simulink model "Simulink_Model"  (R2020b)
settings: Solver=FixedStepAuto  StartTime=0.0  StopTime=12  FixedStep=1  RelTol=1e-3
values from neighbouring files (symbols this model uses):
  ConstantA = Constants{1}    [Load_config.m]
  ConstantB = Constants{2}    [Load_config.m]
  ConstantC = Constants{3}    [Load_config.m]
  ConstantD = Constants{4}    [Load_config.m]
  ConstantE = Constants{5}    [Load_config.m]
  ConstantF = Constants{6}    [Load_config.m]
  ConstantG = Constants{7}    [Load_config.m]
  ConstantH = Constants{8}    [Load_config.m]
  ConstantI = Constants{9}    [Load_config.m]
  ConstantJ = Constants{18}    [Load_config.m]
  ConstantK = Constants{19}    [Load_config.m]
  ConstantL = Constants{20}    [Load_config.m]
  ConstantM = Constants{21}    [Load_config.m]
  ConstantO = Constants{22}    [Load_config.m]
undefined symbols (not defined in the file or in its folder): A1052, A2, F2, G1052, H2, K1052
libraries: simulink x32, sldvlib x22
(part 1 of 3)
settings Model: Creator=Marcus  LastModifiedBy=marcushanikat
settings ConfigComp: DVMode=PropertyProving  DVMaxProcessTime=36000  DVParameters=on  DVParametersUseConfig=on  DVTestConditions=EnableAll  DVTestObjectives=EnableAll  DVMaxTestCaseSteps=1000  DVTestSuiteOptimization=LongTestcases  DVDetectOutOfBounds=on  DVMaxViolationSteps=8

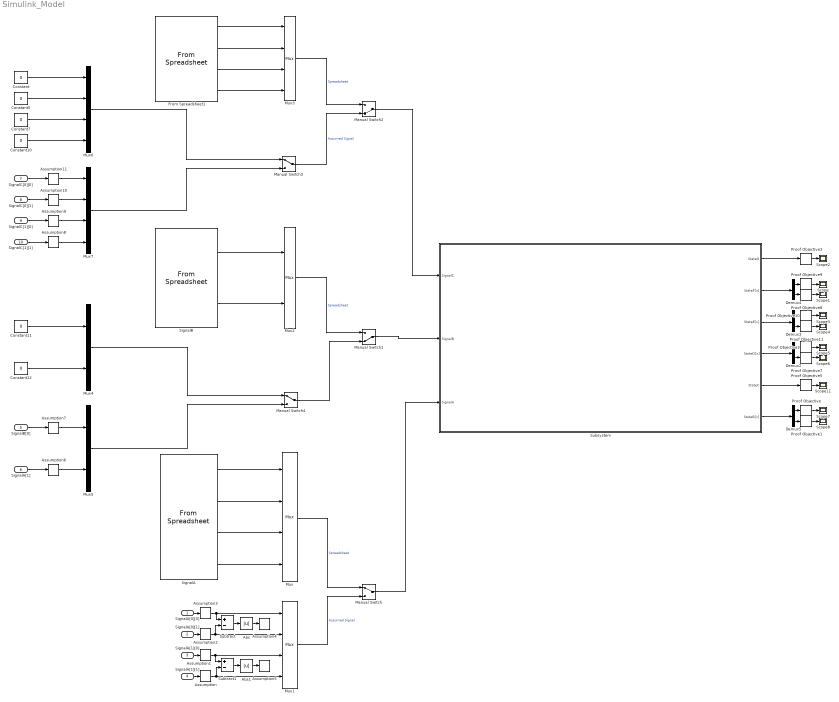
== system Simulink_Model ==
  SignalA[0][0] : Inport  OutDataTypeStr=int32
  SignalA[0][1] : Inport  Port=2  OutDataTypeStr=int32
  SignalA[1][0] : Inport  Port=3  OutDataTypeStr=int32
  SignalA[1][1] : Inport  Port=4  OutDataTypeStr=int32
  SignalB[0] : Inport  Port=5
  SignalA[1] : Inport  Port=6
  SignalC[0][0] : Inport  Port=7
  SignalC[0][1] : Inport  Port=8
  SignalC[1][0] : Inport  Port=9
  SignalC[1][1] : Inport  Port=10
  Abs : Abs
  Abs1 : Abs
  Assumption{,1..3} (4 alike) : sldvlib/Objectives and Constraints/Assumption  enabled=on  customAVTBlockType=Assumption  intervals={0 1 2 3 4 5}  initial=off  dispValues=off  outEnabled=on
      settings: SourceProductBaseCode=SL
  Assumption{8..11} (4 alike) : sldvlib/Objectives and Constraints/Assumption  enabled=on  customAVTBlockType=Assumption  intervals={0 1}  initial=off  dispValues=off  outEnabled=on
      settings: SourceProductBaseCode=SL
  Assumption4 : sldvlib/Objectives and Constraints/Assumption  enabled=on  customAVTBlockType=Assumption  intervals={0 1}  initial=off  dispValues=off  outEnabled=off
      settings: SourceProductBaseCode=SL
  Assumption5 : sldvlib/Objectives and Constraints/Assumption  enabled=on  customAVTBlockType=Assumption  intervals={0 1}  initial=off  dispValues=off  outEnabled=off
      settings: SourceProductBaseCode=SL
  Assumption6 : sldvlib/Objectives and Constraints/Assumption  enabled=on  customAVTBlockType=Assumption  intervals={0 1 2}  initial=off  dispValues=off  outEnabled=on
      settings: SourceProductBaseCode=SL
  Assumption7 : sldvlib/Objectives and Constraints/Assumption  enabled=on  customAVTBlockType=Assumption  intervals={0 1 2}  initial=off  dispValues=off  outEnabled=on
      settings: SourceProductBaseCode=SL
  Constant{,5,7,10..12} (6 alike) : Constant  Value=0
  Demux{2..5} (4 alike) : Demux  Outputs=2
  From Spreadsheet1 : FromSpreadsheet  FileName=/Users/marcushanikat/Documents/git/Master_thesis/Excel/Signals.xlsx  SheetName=Signals  Range=A2:A1052,H2:K1052  OutDataTypeStr=int32
  Manual Switch : ManualSwitch
  Manual Switch1 : ManualSwitch  CurrentSetting=0
  Manual Switch2 : ManualSwitch  CurrentSetting=0
  Manual Switch3 : ManualSwitch
  Manual Switch4 : ManualSwitch
  Mux{,1,3,6..7} (5 alike) : Mux
  Mux2 : Mux  Inputs=2
  Mux4 : Mux  Inputs=2
  Mux5 : Mux  Inputs=2
  Proof Objective{,1..3,5,7..11} (10 alike) : sldvlib/Objectives and Constraints/Proof Objective  enabled=off  customAVTBlockType=Proof Objective  intervals={0}  dispValues=off  outEnabled=on  enableStopSim=off
      settings: SourceProductBaseCode=SL
  Scope{,1..8,11} (10 alike) : Scope
  SignalA : FromSpreadsheet  FileName=/Users/marcushanikat/Documents/git/Master_thesis/Excel/Signals.xlsx  SheetName=Signals  Range=A2:E1052  OutDataTypeStr=int32
  SignalB : FromSpreadsheet  FileName=/Users/marcushanikat/Documents/git/Master_thesis/Excel/Signals.xlsx  SheetName=Signals  Range=A2:A1052,F2:G1052  OutDataTypeStr=int32
  Subsystem : Subsystem
  Subtract : Sum  Inputs=+-
  Subtract1 : Sum  Inputs=+-
  wires:
  SignalA[1][0]/1 -> Assumption1/1
  SignalA[1][1]/1 -> Assumption/1
  Assumption/1 -> Subtract1/2, Mux1/4
  SignalA/3 -> Mux/3
  SignalA/4 -> Mux/4
  SignalA/1 -> Mux/1
  SignalA/2 -> Mux/2
  Assumption1/1 -> Subtract1/1, Mux1/3
  Manual Switch/1 -> Subsystem/3(SignalA)
  Mux1/1 -> Manual Switch/2  "Assumed Signal"
  Mux/1 -> Manual Switch/1  "Spreadsheet"
  SignalB/2 -> Mux2/2
  SignalB/1 -> Mux2/1
  From Spreadsheet1/1 -> Mux3/1
  From Spreadsheet1/2 -> Mux3/2
  From Spreadsheet1/3 -> Mux3/3
  From Spreadsheet1/4 -> Mux3/4
  SignalA[1]/1 -> Assumption6/1
  SignalB[0]/1 -> Assumption7/1
  SignalC[1][1]/1 -> Assumption8/1
  SignalC[0][1]/1 -> Assumption10/1
  SignalC[0][0]/1 -> Assumption11/1
  SignalC[1][0]/1 -> Assumption9/1
  Manual Switch1/1 -> Subsystem/2(SignalB)
  Mux2/1 -> Manual Switch1/1  "Spreadsheet"
  Manual Switch2/1 -> Subsystem/1(SignalC)
  Manual Switch3/1 -> Manual Switch2/2  "Assumed Signal"
  Mux3/1 -> Manual Switch2/1  "Spreadsheet"
  Subsystem/6(StateB[x]) -> Demux5/1
  Subsystem/3(StateE[x]) -> Demux3/1
  Subsystem/2(StateF[x]) -> Demux4/1
  Subsystem/4(StateD[x]) -> Demux2/1
  Subsystem/5(StateC) -> Proof Objective5/1
  Demux5/1 -> Proof Objective/1
  Proof Objective/1 -> Scope7/1
  Demux5/2 -> Proof Objective1/1
  Proof Objective1/1 -> Scope8/1
  Demux2/1 -> Proof Objective2/1
  Proof Objective2/1 -> Scope5/1
  Proof Objective3/1 -> Scope2/1
  Subsystem/1(StateG) -> Proof Objective3/1
  Proof Objective5/1 -> Scope11/1
  Subtract/1 -> Abs/1
  Assumption3/1 -> Subtract/1, Mux1/1
  Assumption2/1 -> Subtract/2, Mux1/2
  SignalA[0][1]/1 -> Assumption2/1
  SignalA[0][0]/1 -> Assumption3/1
  Abs/1 -> Assumption4/1
  Subtract1/1 -> Abs1/1
  Abs1/1 -> Assumption5/1
  Constant10/1 -> Mux6/4
  Constant7/1 -> Mux6/3
  Constant5/1 -> Mux6/2
  Constant/1 -> Mux6/1
  Assumption11/1 -> Mux7/1
  Assumption10/1 -> Mux7/2
  Assumption9/1 -> Mux7/3
  Assumption8/1 -> Mux7/4
  Mux7/1 -> Manual Switch3/2
  Mux6/1 -> Manual Switch3/1
  Constant11/1 -> Mux4/1
  Constant12/1 -> Mux4/2
  Assumption7/1 -> Mux5/1
  Assumption6/1 -> Mux5/2
  Manual Switch4/1 -> Manual Switch1/2
  Mux5/1 -> Manual Switch4/2
  Mux4/1 -> Manual Switch4/1
  Demux2/2 -> Proof Objective7/1
  Proof Objective7/1 -> Scope6/1
  Demux4/2 -> Proof Objective8/1
  Proof Objective8/1 -> Scope1/1
  Demux4/1 -> Proof Objective9/1
  Proof Objective9/1 -> Scope/1
  Demux3/1 -> Proof Objective10/1
  Proof Objective10/1 -> Scope3/1
  Demux3/2 -> Proof Objective11/1
  Proof Objective11/1 -> Scope4/1

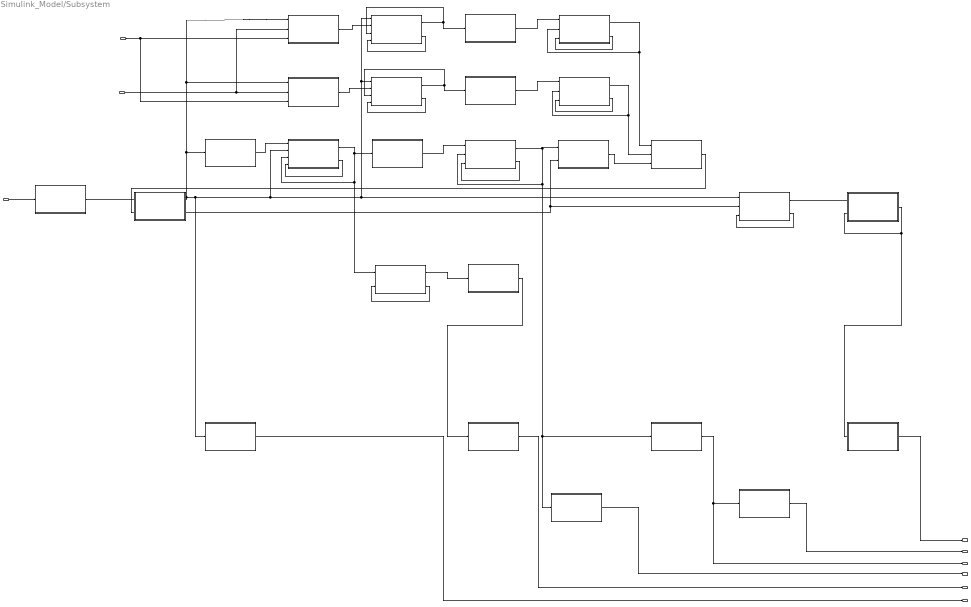
== system Simulink_Model/Subsystem ==
  SignalC : Inport
  SignalB : Inport  Port=2
  SignalA : Inport  Port=3
  Requirement1 : Subsystem  TreatAsAtomicUnit=on
  Requirement10 : Subsystem  TreatAsAtomicUnit=on
  Requirement11 : Subsystem  TreatAsAtomicUnit=on
  Requirement12 : Subsystem  TreatAsAtomicUnit=on
  Requirement14 : Subsystem  TreatAsAtomicUnit=on
  Requirement15 : Subsystem  TreatAsAtomicUnit=on
  Requirement2 : Subsystem  TreatAsAtomicUnit=on
  Requirement20 : Subsystem  TreatAsAtomicUnit=on
  Requirement21 : Subsystem  TreatAsAtomicUnit=on
  Requirement23 : Subsystem  TreatAsAtomicUnit=on
  Requirement24 : Subsystem  TreatAsAtomicUnit=on
  Requirement25 : Subsystem  TreatAsAtomicUnit=on
  Requirement26 : Subsystem  TreatAsAtomicUnit=on
  Requirement3 : Subsystem  TreatAsAtomicUnit=on
  Requirement4 : Subsystem  TreatAsAtomicUnit=on
  Requirement5 : Subsystem  TreatAsAtomicUnit=on
  Requirement6 : Subsystem  TreatAsAtomicUnit=on
  Requirement7 : Subsystem  TreatAsAtomicUnit=on
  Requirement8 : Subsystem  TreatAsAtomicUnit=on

▸ **Exercise objective**:
Would you quote everything above from the line containing "SignalA[1] : Inport" down to the line containing "alike) : Demux"? Include both of those lines and nothing else.

▸ **Response area**:
  SignalA[1] : Inport  Port=6
  SignalC[0][0] : Inport  Port=7
  SignalC[0][1] : Inport  Port=8
  SignalC[1][0] : Inport  Port=9
  SignalC[1][1] : Inport  Port=10
  Abs : Abs
  Abs1 : Abs
  Assumption{,1..3} (4 alike) : sldvlib/Objectives and Constraints/Assumption  enabled=on  customAVTBlockType=Assumption  intervals={0 1 2 3 4 5}  initial=off  dispValues=off  outEnabled=on
      settings: SourceProductBaseCode=SL
  Assumption{8..11} (4 alike) : sldvlib/Objectives and Constraints/Assumption  enabled=on  customAVTBlockType=Assumption  intervals={0 1}  initial=off  dispValues=off  outEnabled=on
      settings: SourceProductBaseCode=SL
  Assumption4 : sldvlib/Objectives and Constraints/Assumption  enabled=on  customAVTBlockType=Assumption  intervals={0 1}  initial=off  dispValues=off  outEnabled=off
      settings: SourceProductBaseCode=SL
  Assumption5 : sldvlib/Objectives and Constraints/Assumption  enabled=on  customAVTBlockType=Assumption  intervals={0 1}  initial=off  dispValues=off  outEnabled=off
      settings: SourceProductBaseCode=SL
  Assumption6 : sldvlib/Objectives and Constraints/Assumption  enabled=on  customAVTBlockType=Assumption  intervals={0 1 2}  initial=off  dispValues=off  outEnabled=on
      settings: SourceProductBaseCode=SL
  Assumption7 : sldvlib/Objectives and Constraints/Assumption  enabled=on  customAVTBlockType=Assumption  intervals={0 1 2}  initial=off  dispValues=off  outEnabled=on
      settings: SourceProductBaseCode=SL
  Constant{,5,7,10..12} (6 alike) : Constant  Value=0
  Demux{2..5} (4 alike) : Demux  Outputs=2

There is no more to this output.